# Free t4 , Free t3 TBG test results



## Melissa12 (Oct 22, 2012)

Hi,

I just received my lab results.

Freet4 0.96 Range 0.58-1.64
Free t3 3.3 Range 2.5-3.9
TBG 21.7 Range 13.0-30.8

Do most of you find that the 
free's are better in the high end of the range, do you find that you have more energy?

Also has anyone asked for a Reverse T3?

I still want to request an increase in the Cytomel to get my Free t3 Higher

Thanks for any advise!


----------



## Andros (Aug 26, 2009)

Melissa12 said:


> Hi,
> 
> I just received my lab results.
> 
> ...


Your FT3 looks to be at the ideal place. Are you not feeling well? FT4 will come in low when taking any form of exogenous T3 and this is as it should be.

What T4 are you taking and how much Cytomel are you taking?


----------



## Melissa12 (Oct 22, 2012)

Hi,

I am taking Synthroid 150mcg and 10mcg of Cytomel. I have been struggling with fatigue, pain, went from feeling like I could make it through about 6 hours of physical activity to no energy since the beginning of October.
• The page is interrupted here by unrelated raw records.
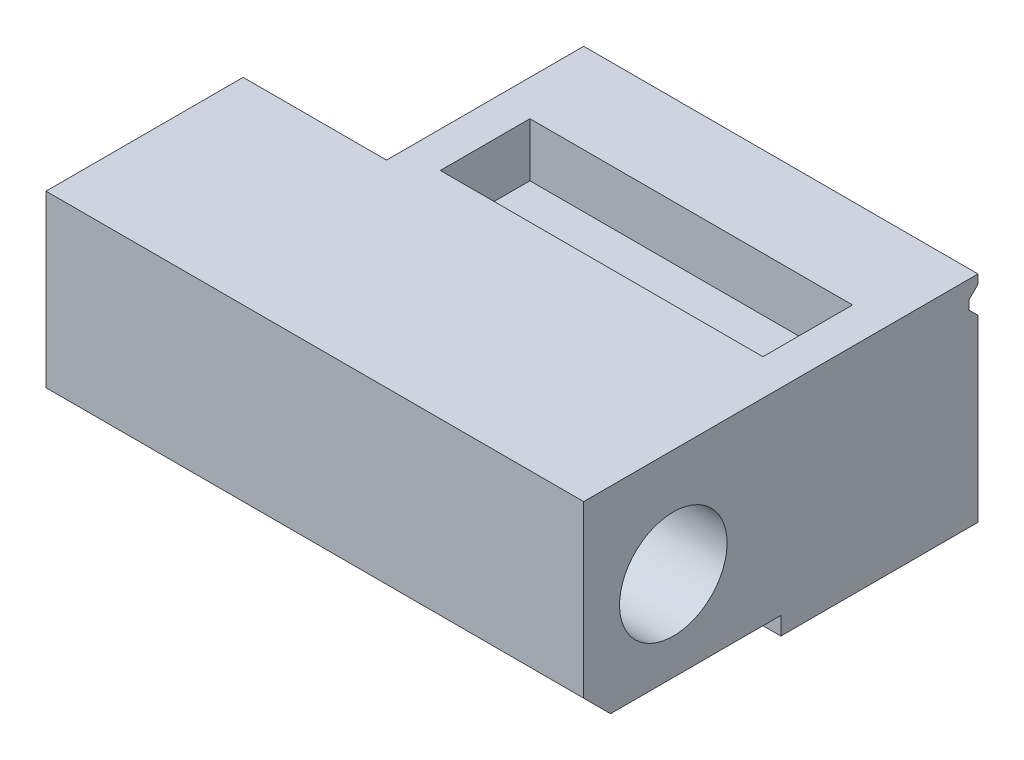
ISO-10303-21;
HEADER;
FILE_DESCRIPTION(('STEP AP214'),'2;1');
FILE_NAME('part.step','',(''),(''),'','','');
FILE_SCHEMA(('AUTOMOTIVE_DESIGN { 1 0 10303 214 1 1 1 1 }'));
ENDSEC;
DATA;
#1=APPLICATION_CONTEXT('core data for automotive mechanical design processes');
#2=APPLICATION_PROTOCOL_DEFINITION('international standard','automotive_design',2000,#1);
#3=PRODUCT_CONTEXT('',#1,'mechanical');
#4=PRODUCT('Part','Part','',(#3));
#5=PRODUCT_RELATED_PRODUCT_CATEGORY('part','',(#4));
#6=PRODUCT_DEFINITION_FORMATION('','',#4);
#7=PRODUCT_DEFINITION_CONTEXT('part definition',#1,'design');
#8=PRODUCT_DEFINITION('design','',#6,#7);
#9=PRODUCT_DEFINITION_SHAPE('','',#8);
#10=(LENGTH_UNIT() NAMED_UNIT(*) SI_UNIT(.MILLI.,.METRE.));
#11=(NAMED_UNIT(*) PLANE_ANGLE_UNIT() SI_UNIT($,.RADIAN.));
#12=(NAMED_UNIT(*) SI_UNIT($,.STERADIAN.) SOLID_ANGLE_UNIT());
#13=UNCERTAINTY_MEASURE_WITH_UNIT(LENGTH_MEASURE(1.E-05),#10,'distance_accuracy_value','');
#14=(GEOMETRIC_REPRESENTATION_CONTEXT(3) GLOBAL_UNCERTAINTY_ASSIGNED_CONTEXT((#13)) GLOBAL_UNIT_ASSIGNED_CONTEXT((#10,
#11,#12)) REPRESENTATION_CONTEXT('',''));
#15=CARTESIAN_POINT('',(0.,0.,0.));
#16=DIRECTION('',(0.,0.,1.));
#17=DIRECTION('',(1.,0.,0.));
#18=AXIS2_PLACEMENT_3D('',#15,#16,#17);
#19=CARTESIAN_POINT('',(-220.,60.,0.));
#20=DIRECTION('',(0.,0.,1.));
#21=DIRECTION('',(1.,0.,0.));
#22=AXIS2_PLACEMENT_3D('',#19,#20,#21);
#23=PLANE('',#22);
#24=DIRECTION('',(1.,0.,0.));
#25=VECTOR('',#24,1.);
#26=CARTESIAN_POINT('',(-220.,-60.,0.));
#27=LINE('',#26,#25);
#28=CARTESIAN_POINT('',(-220.,-60.,0.));
#29=VERTEX_POINT('',#28);
#30=CARTESIAN_POINT('',(0.,-60.,0.));
#31=VERTEX_POINT('',#30);
#32=EDGE_CURVE('E202',#29,#31,#27,.T.);
#33=ORIENTED_EDGE('',*,*,#32,.F.);
#34=DIRECTION('',(0.,-1.,0.));
#35=VECTOR('',#34,1.);
#36=CARTESIAN_POINT('',(-220.,60.,0.));
#37=LINE('',#36,#35);
#38=CARTESIAN_POINT('',(-220.,40.,0.));
#39=VERTEX_POINT('',#38);
#40=EDGE_CURVE('E270',#39,#29,#37,.T.);
#41=ORIENTED_EDGE('',*,*,#40,.F.);
#42=DIRECTION('',(1.,0.,0.));
#43=VECTOR('',#42,1.);
#44=CARTESIAN_POINT('',(-220.,40.,0.));
#45=LINE('',#44,#43);
#46=CARTESIAN_POINT('',(0.,40.,0.));
#47=VERTEX_POINT('',#46);
#48=EDGE_CURVE('E11',#39,#47,#45,.T.);
#49=ORIENTED_EDGE('',*,*,#48,.T.);
#50=DIRECTION('',(0.,1.,0.));
#51=VECTOR('',#50,1.);
#52=CARTESIAN_POINT('',(0.,60.,0.));
#53=LINE('',#52,#51);
#54=EDGE_CURVE('E201',#31,#47,#53,.T.);
#55=ORIENTED_EDGE('',*,*,#54,.F.);
#56=EDGE_LOOP('',(#33,#41,#49,#55));
#57=FACE_BOUND('',#56,.T.);
#58=ADVANCED_FACE('F31',(#57),#23,.F.);
#59=CARTESIAN_POINT('',(-220.,60.,110.));
#60=DIRECTION('',(1.,0.,0.));
#61=DIRECTION('',(0.,1.,0.));
#62=AXIS2_PLACEMENT_3D('',#59,#60,#61);
#63=PLANE('',#62);
#64=DIRECTION('',(0.,-1.,0.));
#65=VECTOR('',#64,1.);
#66=CARTESIAN_POINT('',(-220.,60.,5.));
#67=LINE('',#66,#65);
#68=CARTESIAN_POINT('',(-220.,50.,5.));
#69=VERTEX_POINT('',#68);
#70=CARTESIAN_POINT('',(-220.,45.,5.));
#71=VERTEX_POINT('',#70);
#72=EDGE_CURVE('E290',#69,#71,#67,.T.);
#73=ORIENTED_EDGE('',*,*,#72,.T.);
#74=DIRECTION('',(0.,-0.707106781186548,-0.707106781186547));
#75=VECTOR('',#74,1.);
#76=CARTESIAN_POINT('',(-220.,105.,65.));
#77=LINE('',#76,#75);
#78=EDGE_CURVE('E272',#71,#39,#77,.T.);
#79=ORIENTED_EDGE('',*,*,#78,.T.);
#80=ORIENTED_EDGE('',*,*,#40,.T.);
#81=DIRECTION('',(0.,0.,-1.));
#82=VECTOR('',#81,1.);
#83=CARTESIAN_POINT('',(-220.,-60.,110.));
#84=LINE('',#83,#82);
#85=CARTESIAN_POINT('',(-220.,-60.,110.));
#86=VERTEX_POINT('',#85);
#87=EDGE_CURVE('E250',#86,#29,#84,.T.);
#88=ORIENTED_EDGE('',*,*,#87,.F.);
#89=DIRECTION('',(0.,-1.,0.));
#90=VECTOR('',#89,1.);
#91=CARTESIAN_POINT('',(-220.,60.,110.));
#92=LINE('',#91,#90);
#93=CARTESIAN_POINT('',(-220.,-50.,110.));
#94=VERTEX_POINT('',#93);
#95=EDGE_CURVE('E209',#94,#86,#92,.T.);
#96=ORIENTED_EDGE('',*,*,#95,.F.);
#97=DIRECTION('',(0.,0.,1.));
#98=VECTOR('',#97,1.);
#99=CARTESIAN_POINT('',(-220.,-50.,130.));
#100=LINE('',#99,#98);
#101=CARTESIAN_POINT('',(-220.,-50.,130.));
#102=VERTEX_POINT('',#101);
#103=EDGE_CURVE('E262',#94,#102,#100,.T.);
#104=ORIENTED_EDGE('',*,*,#103,.T.);
#105=DIRECTION('',(0.,0.939793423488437,-0.341743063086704));
#106=VECTOR('',#105,1.);
#107=CARTESIAN_POINT('',(-220.,5.,110.));
#108=LINE('',#107,#106);
#109=CARTESIAN_POINT('',(-220.,5.,110.));
#110=VERTEX_POINT('',#109);
#111=EDGE_CURVE('E361',#102,#110,#108,.T.);
#112=ORIENTED_EDGE('',*,*,#111,.T.);
#113=CARTESIAN_POINT('',(-220.,60.,110.));
#114=VERTEX_POINT('',#113);
#115=EDGE_CURVE('E212',#114,#110,#92,.T.);
#116=ORIENTED_EDGE('',*,*,#115,.F.);
#117=DIRECTION('',(0.,0.,-1.));
#118=VECTOR('',#117,1.);
#119=CARTESIAN_POINT('',(-220.,60.,110.));
#120=LINE('',#119,#118);
#121=CARTESIAN_POINT('',(-220.,60.,0.));
#122=VERTEX_POINT('',#121);
#123=EDGE_CURVE('E236',#114,#122,#120,.T.);
#124=ORIENTED_EDGE('',*,*,#123,.T.);
#125=CARTESIAN_POINT('',(-220.,55.,0.));
#126=VERTEX_POINT('',#125);
#127=EDGE_CURVE('E204',#122,#126,#37,.T.);
#128=ORIENTED_EDGE('',*,*,#127,.T.);
#129=DIRECTION('',(0.,-0.707106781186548,0.707106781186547));
#130=VECTOR('',#129,1.);
#131=CARTESIAN_POINT('',(-220.,2.49999999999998,52.5));
#132=LINE('',#131,#130);
#133=EDGE_CURVE('E46',#126,#69,#132,.T.);
#134=ORIENTED_EDGE('',*,*,#133,.T.);
#135=EDGE_LOOP('',(#73,#79,#80,#88,#96,#104,#112,#116,#124,#128,#134));
#136=FACE_BOUND('',#135,.T.);
#137=ADVANCED_FACE('F33',(#136),#63,.F.);
#138=CARTESIAN_POINT('',(-220.,-60.,110.));
#139=DIRECTION('',(0.,1.,0.));
#140=DIRECTION('',(-1.,0.,0.));
#141=AXIS2_PLACEMENT_3D('',#138,#139,#140);
#142=PLANE('',#141);
#143=DIRECTION('',(1.,0.,0.));
#144=VECTOR('',#143,1.);
#145=CARTESIAN_POINT('',(-200.,-60.,50.));
#146=LINE('',#145,#144);
#147=CARTESIAN_POINT('',(-200.,-60.,50.));
#148=VERTEX_POINT('',#147);
#149=CARTESIAN_POINT('',(-20.,-60.,50.));
#150=VERTEX_POINT('',#149);
#151=EDGE_CURVE('E328',#148,#150,#146,.T.);
#152=ORIENTED_EDGE('',*,*,#151,.F.);
#153=DIRECTION('',(0.,0.,-1.));
#154=VECTOR('',#153,1.);
#155=CARTESIAN_POINT('',(-200.,-60.,100.));
#156=LINE('',#155,#154);
#157=CARTESIAN_POINT('',(-200.,-60.,100.));
#158=VERTEX_POINT('',#157);
#159=EDGE_CURVE('E320',#158,#148,#156,.T.);
#160=ORIENTED_EDGE('',*,*,#159,.F.);
#161=DIRECTION('',(-1.,0.,0.));
#162=VECTOR('',#161,1.);
#163=CARTESIAN_POINT('',(-200.,-60.,100.));
#164=LINE('',#163,#162);
#165=CARTESIAN_POINT('',(-20.,-60.,100.));
#166=VERTEX_POINT('',#165);
#167=EDGE_CURVE('E334',#166,#158,#164,.T.);
#168=ORIENTED_EDGE('',*,*,#167,.F.);
#169=DIRECTION('',(0.,0.,1.));
#170=VECTOR('',#169,1.);
#171=CARTESIAN_POINT('',(-20.,-60.,100.));
#172=LINE('',#171,#170);
#173=EDGE_CURVE('E331',#150,#166,#172,.T.);
#174=ORIENTED_EDGE('',*,*,#173,.F.);
#175=EDGE_LOOP('',(#152,#160,#168,#174));
#176=FACE_BOUND('',#175,.T.);
#177=ORIENTED_EDGE('',*,*,#32,.T.);
#178=DIRECTION('',(0.,0.,-1.));
#179=VECTOR('',#178,1.);
#180=CARTESIAN_POINT('',(0.,-60.,110.));
#181=LINE('',#180,#179);
#182=CARTESIAN_POINT('',(0.,-60.,110.));
#183=VERTEX_POINT('',#182);
#184=EDGE_CURVE('E242',#183,#31,#181,.T.);
#185=ORIENTED_EDGE('',*,*,#184,.F.);
#186=DIRECTION('',(1.,0.,0.));
#187=VECTOR('',#186,1.);
#188=CARTESIAN_POINT('',(-220.,-60.,110.));
#189=LINE('',#188,#187);
#190=EDGE_CURVE('E213',#86,#183,#189,.T.);
#191=ORIENTED_EDGE('',*,*,#190,.F.);
#192=ORIENTED_EDGE('',*,*,#87,.T.);
#193=EDGE_LOOP('',(#177,#185,#191,#192));
#194=FACE_BOUND('',#193,.T.);
#195=ADVANCED_FACE('F274',(#176,#194),#142,.F.);
#196=CARTESIAN_POINT('',(0.,60.,110.));
#197=DIRECTION('',(-1.,0.,0.));
#198=DIRECTION('',(0.,-1.,0.));
#199=AXIS2_PLACEMENT_3D('',#196,#197,#198);
#200=PLANE('',#199);
#201=CARTESIAN_POINT('',(0.,0.,170.));
#202=DIRECTION('',(1.,0.,0.));
#203=DIRECTION('',(0.,1.,0.));
#204=AXIS2_PLACEMENT_3D('',#201,#202,#203);
#205=CIRCLE('',#204,30.);
#206=CARTESIAN_POINT('',(0.,30.,170.));
#207=VERTEX_POINT('',#206);
#208=EDGE_CURVE('E284',#207,#207,#205,.T.);
#209=ORIENTED_EDGE('',*,*,#208,.F.);
#210=EDGE_LOOP('',(#209));
#211=FACE_BOUND('',#210,.T.);
#212=ORIENTED_EDGE('',*,*,#54,.T.);
#213=DIRECTION('',(0.,-0.707106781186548,-0.707106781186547));
#214=VECTOR('',#213,1.);
#215=CARTESIAN_POINT('',(0.,45.,5.));
#216=LINE('',#215,#214);
#217=CARTESIAN_POINT('',(0.,45.,5.));
#218=VERTEX_POINT('',#217);
#219=EDGE_CURVE('E386',#218,#47,#216,.T.);
#220=ORIENTED_EDGE('',*,*,#219,.F.);
#221=DIRECTION('',(0.,-1.,0.));
#222=VECTOR('',#221,1.);
#223=CARTESIAN_POINT('',(0.,50.,5.));
#224=LINE('',#223,#222);
#225=CARTESIAN_POINT('',(0.,50.,5.));
#226=VERTEX_POINT('',#225);
#227=EDGE_CURVE('E196',#226,#218,#224,.T.);
#228=ORIENTED_EDGE('',*,*,#227,.F.);
#229=DIRECTION('',(0.,-0.707106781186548,0.707106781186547));
#230=VECTOR('',#229,1.);
#231=CARTESIAN_POINT('',(0.,55.,0.));
#232=LINE('',#231,#230);
#233=CARTESIAN_POINT('',(0.,55.,0.));
#234=VERTEX_POINT('',#233);
#235=EDGE_CURVE('E182',#234,#226,#232,.T.);
#236=ORIENTED_EDGE('',*,*,#235,.F.);
#237=CARTESIAN_POINT('',(0.,60.,0.));
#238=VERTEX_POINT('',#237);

I also take Lexapro for depression and started to cut back on my dosage a few months ago. I have struggled for a long time with insomnia, (maybe caused as a side effect of Lexapro) yet since beginning of October I have been in bed most of the time. Not good. It does not feel like my usual depression phase. I have not had a serious bout since 2009. It is frustrating. My Endo says it is not Thyroid related. I have always felt that something more is going on with me than just your are depressed, like something is throwing me off. Any suggestions? Do you think the T4 is where it should be? Thank you!


----------



## Andros (Aug 26, 2009)

Melissa12 said:


> Hi,
> 
> I am taking Synthroid 150mcg and 10mcg of Cytomel. I have been struggling with fatigue, pain, went from feeling like I could make it through about 6 hours of physical activity to no energy since the beginning of October. I also take Lexapro for depression and started to cut back on my dosage a few months ago. I have struggled for a long time with insomnia, (maybe caused as a side effect of Lexapro) yet since beginning of October I have been in bed most of the time. Not good. It does not feel like my usual depression phase. I have not had a serious bout since 2009. It is frustrating. My Endo says it is not Thyroid related. I have always felt that something more is going on with me than just your are depressed, like something is throwing me off. Any suggestions? Do you think the T4 is where it should be? Thank you!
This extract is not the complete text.